Stored data:
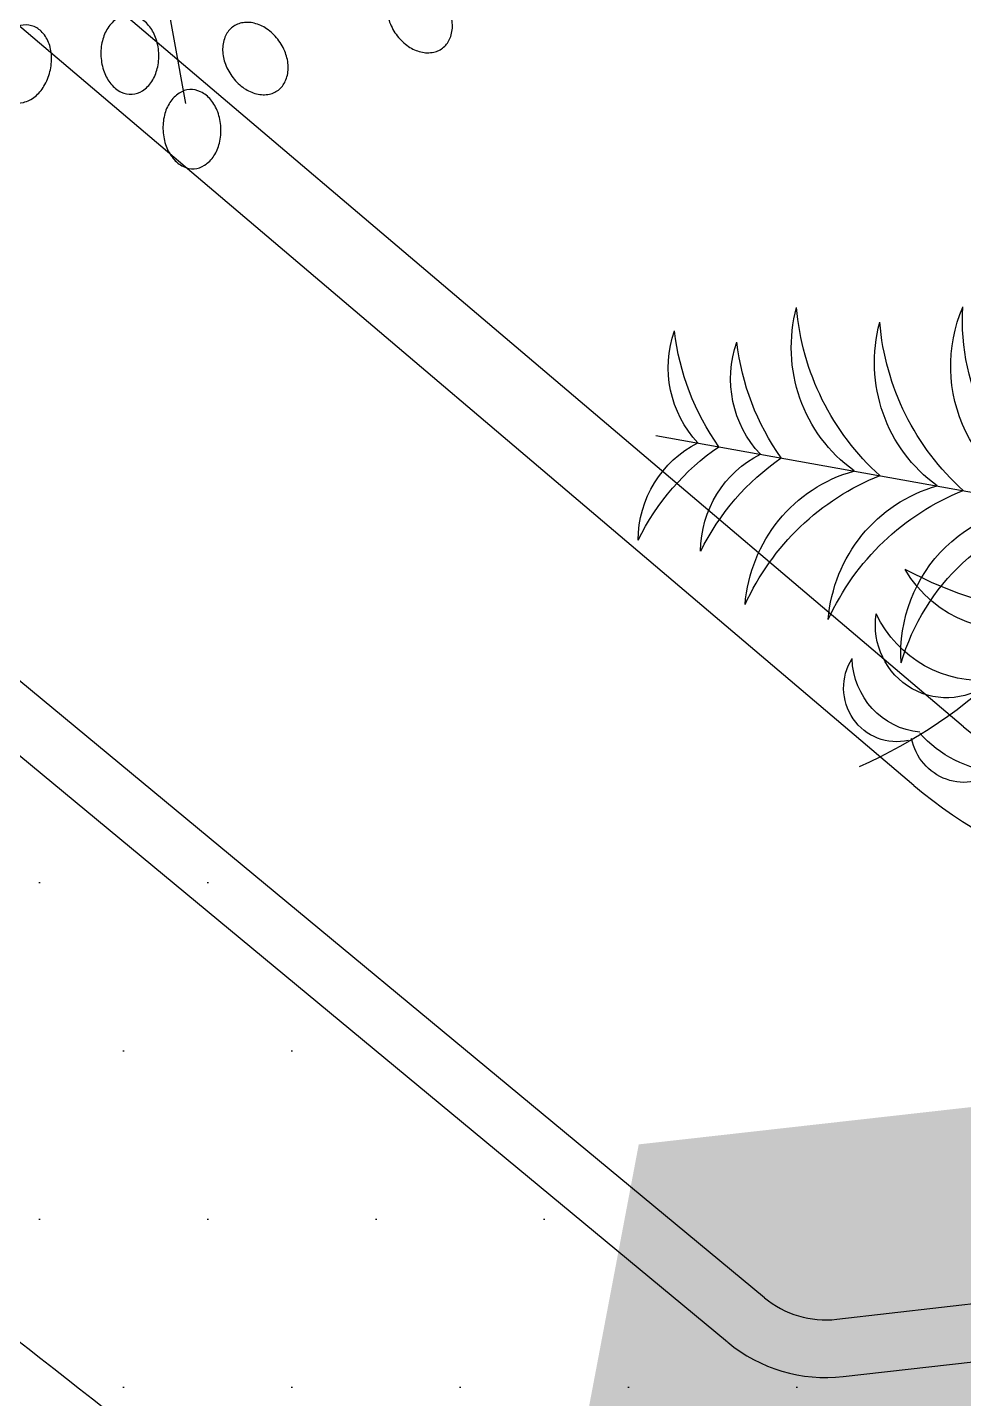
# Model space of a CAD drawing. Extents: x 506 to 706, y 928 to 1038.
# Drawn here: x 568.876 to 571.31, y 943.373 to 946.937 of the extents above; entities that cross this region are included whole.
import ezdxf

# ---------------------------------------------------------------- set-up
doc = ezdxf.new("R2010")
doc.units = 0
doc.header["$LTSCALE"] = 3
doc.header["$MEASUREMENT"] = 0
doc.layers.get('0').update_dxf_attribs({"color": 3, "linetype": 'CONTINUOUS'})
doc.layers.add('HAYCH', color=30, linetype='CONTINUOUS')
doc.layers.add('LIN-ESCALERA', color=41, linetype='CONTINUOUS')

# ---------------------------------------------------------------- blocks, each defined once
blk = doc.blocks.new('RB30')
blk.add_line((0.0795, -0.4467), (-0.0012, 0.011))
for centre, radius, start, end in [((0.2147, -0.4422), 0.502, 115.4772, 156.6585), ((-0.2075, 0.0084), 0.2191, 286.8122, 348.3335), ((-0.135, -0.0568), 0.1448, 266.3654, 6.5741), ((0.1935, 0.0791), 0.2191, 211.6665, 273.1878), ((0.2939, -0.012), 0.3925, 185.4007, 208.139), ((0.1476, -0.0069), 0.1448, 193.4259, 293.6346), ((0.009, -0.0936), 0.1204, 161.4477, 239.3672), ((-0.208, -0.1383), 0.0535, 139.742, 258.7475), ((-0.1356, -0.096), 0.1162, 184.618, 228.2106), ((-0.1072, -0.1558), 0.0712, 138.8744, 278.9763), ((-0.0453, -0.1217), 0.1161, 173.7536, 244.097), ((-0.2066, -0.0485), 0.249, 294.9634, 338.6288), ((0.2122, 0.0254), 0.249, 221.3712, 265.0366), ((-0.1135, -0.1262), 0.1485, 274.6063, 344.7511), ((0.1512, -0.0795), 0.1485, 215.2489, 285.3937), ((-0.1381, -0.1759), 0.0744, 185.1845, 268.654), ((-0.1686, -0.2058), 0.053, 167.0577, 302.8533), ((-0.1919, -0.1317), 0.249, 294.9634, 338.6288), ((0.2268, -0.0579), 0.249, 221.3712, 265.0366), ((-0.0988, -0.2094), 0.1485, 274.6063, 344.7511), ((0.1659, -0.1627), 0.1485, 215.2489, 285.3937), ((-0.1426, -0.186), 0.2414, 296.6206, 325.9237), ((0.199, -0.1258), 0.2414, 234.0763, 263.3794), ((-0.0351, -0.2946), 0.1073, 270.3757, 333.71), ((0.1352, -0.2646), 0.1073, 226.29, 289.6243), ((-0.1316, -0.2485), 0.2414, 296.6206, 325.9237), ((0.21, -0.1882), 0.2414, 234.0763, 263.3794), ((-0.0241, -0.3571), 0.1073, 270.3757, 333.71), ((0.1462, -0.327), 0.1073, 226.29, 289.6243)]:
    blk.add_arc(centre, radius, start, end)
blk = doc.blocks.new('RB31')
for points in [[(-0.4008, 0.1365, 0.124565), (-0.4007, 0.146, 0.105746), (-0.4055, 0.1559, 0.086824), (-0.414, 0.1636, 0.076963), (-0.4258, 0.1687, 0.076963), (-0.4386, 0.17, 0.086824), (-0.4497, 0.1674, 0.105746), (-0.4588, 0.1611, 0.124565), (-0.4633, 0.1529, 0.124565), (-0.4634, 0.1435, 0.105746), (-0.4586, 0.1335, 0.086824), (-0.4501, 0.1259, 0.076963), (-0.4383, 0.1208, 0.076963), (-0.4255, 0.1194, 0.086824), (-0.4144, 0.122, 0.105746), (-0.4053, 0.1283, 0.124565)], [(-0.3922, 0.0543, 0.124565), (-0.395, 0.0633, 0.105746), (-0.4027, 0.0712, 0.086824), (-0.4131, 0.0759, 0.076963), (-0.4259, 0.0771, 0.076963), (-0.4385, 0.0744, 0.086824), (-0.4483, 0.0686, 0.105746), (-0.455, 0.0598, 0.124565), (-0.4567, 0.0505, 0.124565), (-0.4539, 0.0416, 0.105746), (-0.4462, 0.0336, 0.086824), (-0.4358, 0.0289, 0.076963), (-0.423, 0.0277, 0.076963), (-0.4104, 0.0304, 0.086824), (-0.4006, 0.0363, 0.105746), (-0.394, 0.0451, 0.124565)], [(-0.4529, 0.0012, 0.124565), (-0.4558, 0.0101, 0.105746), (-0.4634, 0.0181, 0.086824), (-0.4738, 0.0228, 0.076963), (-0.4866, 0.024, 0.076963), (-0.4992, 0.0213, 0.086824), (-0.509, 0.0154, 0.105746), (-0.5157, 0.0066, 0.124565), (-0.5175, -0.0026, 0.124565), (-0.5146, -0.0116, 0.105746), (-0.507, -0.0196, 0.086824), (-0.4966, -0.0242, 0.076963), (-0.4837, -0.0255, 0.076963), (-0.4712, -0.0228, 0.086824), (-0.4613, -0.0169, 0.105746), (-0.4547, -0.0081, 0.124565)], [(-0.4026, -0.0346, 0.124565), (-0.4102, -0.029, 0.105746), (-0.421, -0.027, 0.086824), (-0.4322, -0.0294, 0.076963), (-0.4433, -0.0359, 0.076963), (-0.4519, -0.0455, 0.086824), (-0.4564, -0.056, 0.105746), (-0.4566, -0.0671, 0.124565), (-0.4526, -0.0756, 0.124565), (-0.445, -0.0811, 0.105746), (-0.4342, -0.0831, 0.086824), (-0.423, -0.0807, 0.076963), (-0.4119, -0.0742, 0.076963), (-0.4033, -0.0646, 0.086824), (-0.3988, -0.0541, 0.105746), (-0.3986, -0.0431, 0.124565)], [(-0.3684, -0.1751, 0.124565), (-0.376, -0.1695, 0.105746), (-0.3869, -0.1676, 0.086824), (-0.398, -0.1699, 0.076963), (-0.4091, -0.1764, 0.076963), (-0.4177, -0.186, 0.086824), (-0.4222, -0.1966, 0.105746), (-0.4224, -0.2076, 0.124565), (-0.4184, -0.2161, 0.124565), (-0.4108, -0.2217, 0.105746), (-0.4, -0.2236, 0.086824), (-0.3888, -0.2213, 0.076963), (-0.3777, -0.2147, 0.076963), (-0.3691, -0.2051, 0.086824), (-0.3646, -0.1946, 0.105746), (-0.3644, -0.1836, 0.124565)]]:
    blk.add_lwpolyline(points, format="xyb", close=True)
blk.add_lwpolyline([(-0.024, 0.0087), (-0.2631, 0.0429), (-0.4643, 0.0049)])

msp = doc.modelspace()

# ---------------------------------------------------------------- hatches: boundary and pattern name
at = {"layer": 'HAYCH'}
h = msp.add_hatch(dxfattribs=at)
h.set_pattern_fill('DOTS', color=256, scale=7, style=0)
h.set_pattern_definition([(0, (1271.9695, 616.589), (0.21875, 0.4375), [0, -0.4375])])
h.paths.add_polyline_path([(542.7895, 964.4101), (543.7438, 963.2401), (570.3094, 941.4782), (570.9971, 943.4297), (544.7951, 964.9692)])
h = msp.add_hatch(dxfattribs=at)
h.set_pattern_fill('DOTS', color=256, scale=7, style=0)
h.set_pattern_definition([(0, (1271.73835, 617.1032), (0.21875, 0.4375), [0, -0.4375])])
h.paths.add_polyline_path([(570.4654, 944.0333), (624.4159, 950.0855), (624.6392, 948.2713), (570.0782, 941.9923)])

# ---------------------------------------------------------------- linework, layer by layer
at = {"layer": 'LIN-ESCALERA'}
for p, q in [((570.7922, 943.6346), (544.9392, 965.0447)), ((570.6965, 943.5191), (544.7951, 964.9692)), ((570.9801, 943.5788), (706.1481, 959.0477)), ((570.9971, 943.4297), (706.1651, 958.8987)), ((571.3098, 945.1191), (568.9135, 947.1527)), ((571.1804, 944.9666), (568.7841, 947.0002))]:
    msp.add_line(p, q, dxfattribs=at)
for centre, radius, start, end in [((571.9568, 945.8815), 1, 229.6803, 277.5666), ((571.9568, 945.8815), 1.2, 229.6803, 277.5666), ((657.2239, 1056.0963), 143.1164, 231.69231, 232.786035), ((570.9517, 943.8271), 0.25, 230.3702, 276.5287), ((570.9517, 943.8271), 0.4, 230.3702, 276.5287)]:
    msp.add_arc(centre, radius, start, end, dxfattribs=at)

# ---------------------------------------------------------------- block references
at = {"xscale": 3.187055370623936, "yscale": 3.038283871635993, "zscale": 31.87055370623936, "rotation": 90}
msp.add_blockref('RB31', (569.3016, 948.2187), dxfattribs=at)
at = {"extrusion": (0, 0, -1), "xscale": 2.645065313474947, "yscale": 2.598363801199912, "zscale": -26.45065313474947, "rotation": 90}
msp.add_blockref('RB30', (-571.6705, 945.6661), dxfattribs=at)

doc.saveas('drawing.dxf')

* _Problem to work on_
Begin at the first line of the records. Print every line through the one containing "blk.add_line((0.0795, -0.4467), (-0.0012, 0.011))" exactly, but skip the pictures.

* _Solved exercise_
# Model space of a CAD drawing. Extents: x 506 to 706, y 928 to 1038.
# Drawn here: x 568.876 to 571.31, y 943.373 to 946.937 of the extents above; entities that cross this region are included whole.
import ezdxf

# ---------------------------------------------------------------- set-up
doc = ezdxf.new("R2010")
doc.units = 0
doc.header["$LTSCALE"] = 3
doc.header["$MEASUREMENT"] = 0
doc.layers.get('0').update_dxf_attribs({"color": 3, "linetype": 'CONTINUOUS'})
doc.layers.add('HAYCH', color=30, linetype='CONTINUOUS')
doc.layers.add('LIN-ESCALERA', color=41, linetype='CONTINUOUS')

# ---------------------------------------------------------------- blocks, each defined once
blk = doc.blocks.new('RB30')
blk.add_line((0.0795, -0.4467), (-0.0012, 0.011))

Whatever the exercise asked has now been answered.